⟨

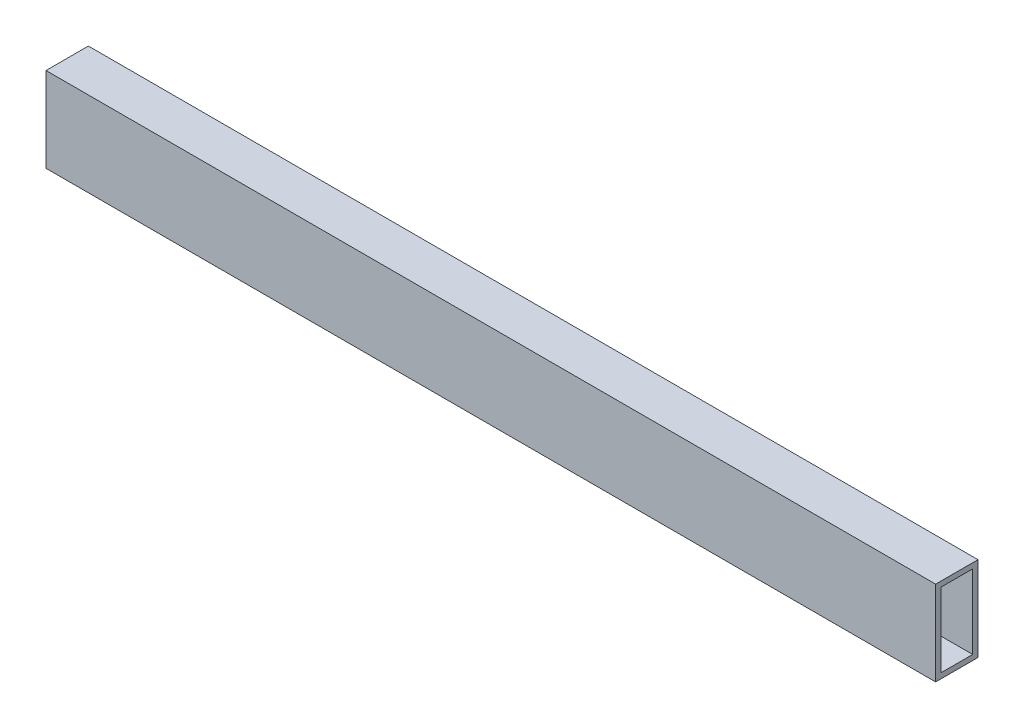
SolidWorks part; units mm, degrees
material "6061-T6 (SS)"
ref_plane "Front Plane" through (0, 0, 0) normal (0, 0, 1) x (1, 0, 0)
ref_plane "Top Plane" through (0, 0, 0) normal (0, 1, 0) x (1, 0, 0)
ref_plane "Right Plane" through (0, 0, 0) normal (1, 0, 0) x (0, 0, -1)
sketch "Sketch1" plane through (0, 0, 0) normal (1, 0, 0) x (0, 0, -1)
  line L0 (-330.2, 25.4) -> (-355.6, 25.4) construction
  line L1 (-355.6, -25.4) -> (-355.6, 25.4) construction
  line L2 (-330.2, -25.4) -> (-355.6, -25.4) construction
  line L3 (-330.2, -25.4) -> (-330.2, 25.4) construction
  line L4 (-330.2, 25.4) -> (-355.6, 25.4)
  line L5 (-355.6, -25.4) -> (-355.6, 25.4)
  line L6 (-330.2, -25.4) -> (-355.6, -25.4)
  line L7 (-330.2, -25.4) -> (-330.2, 25.4)
  line L8 (-333.375, 22.225) -> (-352.425, 22.225)
  line L9 (-352.425, -22.225) -> (-352.425, 22.225)
  line L10 (-333.375, -22.225) -> (-352.425, -22.225)
  line L11 (-333.375, -22.225) -> (-333.375, 22.225)
  dimension "D1" = 3.175
extrude "Boss-Extrude1" add sketch "Sketch1" along normal up to vertex (266.7 mm away)
mirror "Mirror1" about plane through (0, 0, 0) normal (1, 0, 0) of "Boss-Extrude1"
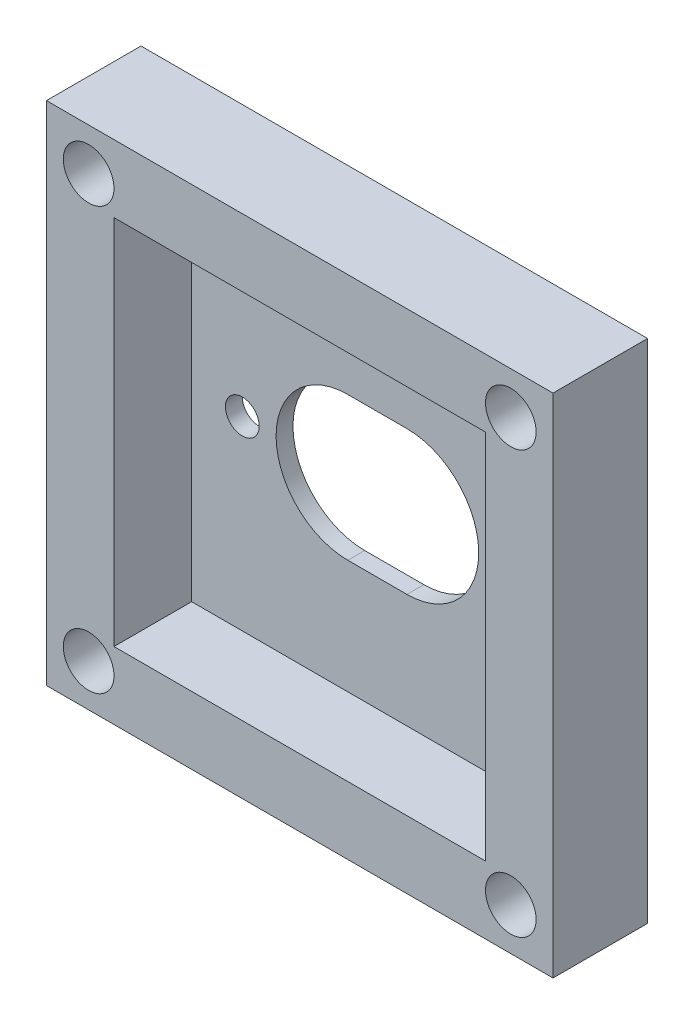
SolidWorks part; units mm, degrees
ref_plane "Plan de face" through (0, 0, 0) normal (0, 0, 1) x (1, 0, 0)
ref_plane "Plan de dessus" through (0, 0, 0) normal (0, 1, 0) x (1, 0, 0)
ref_plane "Plan de droite" through (0, 0, 0) normal (1, 0, 0) x (0, 0, -1)
sketch "Croquis1" plane through (0, 0, 0) normal (0, 0, 1) x (1, 0, 0)
  line L0 (-1.75, 4.25) -> (1.75, 4.25)
  line L1 (-15, 15) -> (15, 15)
  line L2 (-15, 15) -> (-15, -15)
  line L3 (-15, -15) -> (15, -15)
  line L4 (15, 15) -> (15, -15)
  line L5 (1.75, -4.25) -> (-1.75, -4.25)
  arc A0 (-1.75, 4.25) -> (-1.75, -4.25) centre (-1.75, 0) ccw
  arc A1 (1.75, -4.25) -> (1.75, 4.25) centre (1.75, 0) ccw
  circle A2 centre (-8, 0) radius 1
  circle A3 centre (8, 0) radius 1
  dimension "D1" = 4.25
  dimension "D2" = 2
  dimension "D3" = 4.25
  dimension "D5" = 2
  dimension "D4" = 3.5
  dimension "D6" = 30
  dimension "D7" = 30
extrude "Saliente-Extruir2" add sketch "Croquis1" against normal blind 1
sketch "Croquis2" plane through (0, 0, 0) normal (0, 0, 1) x (1, 0, 0)
  line L1 (-15, 15) -> (15, 15)
  line L2 (-15, 15) -> (-15, -15)
  line L3 (-15, -15) -> (15, -15)
  line L4 (15, 15) -> (15, -15)
  line L5 (-11, 11) -> (11, 11)
  line L6 (-11, 11) -> (-11, -11)
  line L7 (-11, -11) -> (11, -11)
  line L8 (11, 11) -> (11, -11)
  dimension "D1" = 4
  dimension "D2" = 4
  dimension "D3" = 4
  dimension "D4" = 4
extrude "Saliente-Extruir3" add sketch "Croquis2" along normal blind 10
sketch "Croquis4" plane through (0, 0, 10) normal (0, 0, 1) x (1, 0, 0)
  line L0 (15, 15) -> (-15, 15) construction
  line L1 (-15, 15) -> (-15, -15) construction
  line L2 (0, 15) -> (0, -15) construction
  line L3 (-15, -15) -> (15, -15) construction
  line L4 (-15, 0) -> (15, 0) construction
  line L5 (15, -15) -> (15, 15) construction
  circle A0 centre (-12.5, 12.5) radius 1.5
  circle A1 centre (12.5, 12.5) radius 1.5
  circle A2 centre (12.5, -12.5) radius 1.5
  circle A3 centre (-12.5, -12.5) radius 1.5
  dimension "D1" = 3
  dimension "D2" = 2.5
  dimension "D3" = 2.5
extrude "Cortar-Extruir2" cut sketch "Croquis4" against normal blind 44
sketch "Croquis5" plane through (-15, 0, 0) normal (-1, 0, 0) x (0, 0, 1)
  line L1 (-1, 15) -> (10, 15) construction
  line L2 (4.6, 15) -> (4.6, -15)
  line L3 (-1, -15) -> (10, -15) construction
  line L7 (10, -15) -> (4.6, -15)
  line L8 (10, -15) -> (10, 15)
  line L9 (10, 15) -> (4.6, 15)
extrude "Cortar-Extruir3" cut sketch "Croquis5" against normal blind 46

⟩

## Task goal
Retype the whole listing above exactly as written. Skip the pictures.

## Exercise answer
SolidWorks part; units mm, degrees
material "6061-T6 (SS)"
ref_plane "Front Plane" through (0, 0, 0) normal (0, 0, 1) x (1, 0, 0)
ref_plane "Top Plane" through (0, 0, 0) normal (0, 1, 0) x (1, 0, 0)
ref_plane "Right Plane" through (0, 0, 0) normal (1, 0, 0) x (0, 0, -1)
sketch "Sketch1" plane through (0, 0, 0) normal (1, 0, 0) x (0, 0, -1)
  line L0 (-330.2, 25.4) -> (-355.6, 25.4) construction
  line L1 (-355.6, -25.4) -> (-355.6, 25.4) construction
  line L2 (-330.2, -25.4) -> (-355.6, -25.4) construction
  line L3 (-330.2, -25.4) -> (-330.2, 25.4) construction
  line L4 (-330.2, 25.4) -> (-355.6, 25.4)
  line L5 (-355.6, -25.4) -> (-355.6, 25.4)
  line L6 (-330.2, -25.4) -> (-355.6, -25.4)
  line L7 (-330.2, -25.4) -> (-330.2, 25.4)
  line L8 (-333.375, 22.225) -> (-352.425, 22.225)
  line L9 (-352.425, -22.225) -> (-352.425, 22.225)
  line L10 (-333.375, -22.225) -> (-352.425, -22.225)
  line L11 (-333.375, -22.225) -> (-333.375, 22.225)
  dimension "D1" = 3.175
extrude "Boss-Extrude1" add sketch "Sketch1" along normal up to vertex (266.7 mm away)
mirror "Mirror1" about plane through (0, 0, 0) normal (1, 0, 0) of "Boss-Extrude1"
SolidWorks part; units mm, degrees
ref_plane "Plan de face" through (0, 0, 0) normal (0, 0, 1) x (1, 0, 0)
ref_plane "Plan de dessus" through (0, 0, 0) normal (0, 1, 0) x (1, 0, 0)
ref_plane "Plan de droite" through (0, 0, 0) normal (1, 0, 0) x (0, 0, -1)
sketch "Croquis1" plane through (0, 0, 0) normal (0, 0, 1) x (1, 0, 0)
  line L0 (-1.75, 4.25) -> (1.75, 4.25)
  line L1 (-15, 15) -> (15, 15)
  line L2 (-15, 15) -> (-15, -15)
  line L3 (-15, -15) -> (15, -15)
  line L4 (15, 15) -> (15, -15)
  line L5 (1.75, -4.25) -> (-1.75, -4.25)
  arc A0 (-1.75, 4.25) -> (-1.75, -4.25) centre (-1.75, 0) ccw
  arc A1 (1.75, -4.25) -> (1.75, 4.25) centre (1.75, 0) ccw
  circle A2 centre (-8, 0) radius 1
  circle A3 centre (8, 0) radius 1
  dimension "D1" = 4.25
  dimension "D2" = 2
  dimension "D3" = 4.25
  dimension "D5" = 2
  dimension "D4" = 3.5
  dimension "D6" = 30
  dimension "D7" = 30
extrude "Saliente-Extruir2" add sketch "Croquis1" against normal blind 1
sketch "Croquis2" plane through (0, 0, 0) normal (0, 0, 1) x (1, 0, 0)
  line L1 (-15, 15) -> (15, 15)
  line L2 (-15, 15) -> (-15, -15)
  line L3 (-15, -15) -> (15, -15)
  line L4 (15, 15) -> (15, -15)
  line L5 (-11, 11) -> (11, 11)
  line L6 (-11, 11) -> (-11, -11)
  line L7 (-11, -11) -> (11, -11)
  line L8 (11, 11) -> (11, -11)
  dimension "D1" = 4
  dimension "D2" = 4
  dimension "D3" = 4
  dimension "D4" = 4
extrude "Saliente-Extruir3" add sketch "Croquis2" along normal blind 10
sketch "Croquis4" plane through (0, 0, 10) normal (0, 0, 1) x (1, 0, 0)
  line L0 (15, 15) -> (-15, 15) construction
  line L1 (-15, 15) -> (-15, -15) construction
  line L2 (0, 15) -> (0, -15) construction
  line L3 (-15, -15) -> (15, -15) construction
  line L4 (-15, 0) -> (15, 0) construction
  line L5 (15, -15) -> (15, 15) construction
  circle A0 centre (-12.5, 12.5) radius 1.5
  circle A1 centre (12.5, 12.5) radius 1.5
  circle A2 centre (12.5, -12.5) radius 1.5
  circle A3 centre (-12.5, -12.5) radius 1.5
  dimension "D1" = 3
  dimension "D2" = 2.5
  dimension "D3" = 2.5
extrude "Cortar-Extruir2" cut sketch "Croquis4" against normal blind 44
sketch "Croquis5" plane through (-15, 0, 0) normal (-1, 0, 0) x (0, 0, 1)
  line L1 (-1, 15) -> (10, 15) construction
  line L2 (4.6, 15) -> (4.6, -15)
  line L3 (-1, -15) -> (10, -15) construction
  line L7 (10, -15) -> (4.6, -15)
  line L8 (10, -15) -> (10, 15)
  line L9 (10, 15) -> (4.6, 15)
extrude "Cortar-Extruir3" cut sketch "Croquis5" against normal blind 46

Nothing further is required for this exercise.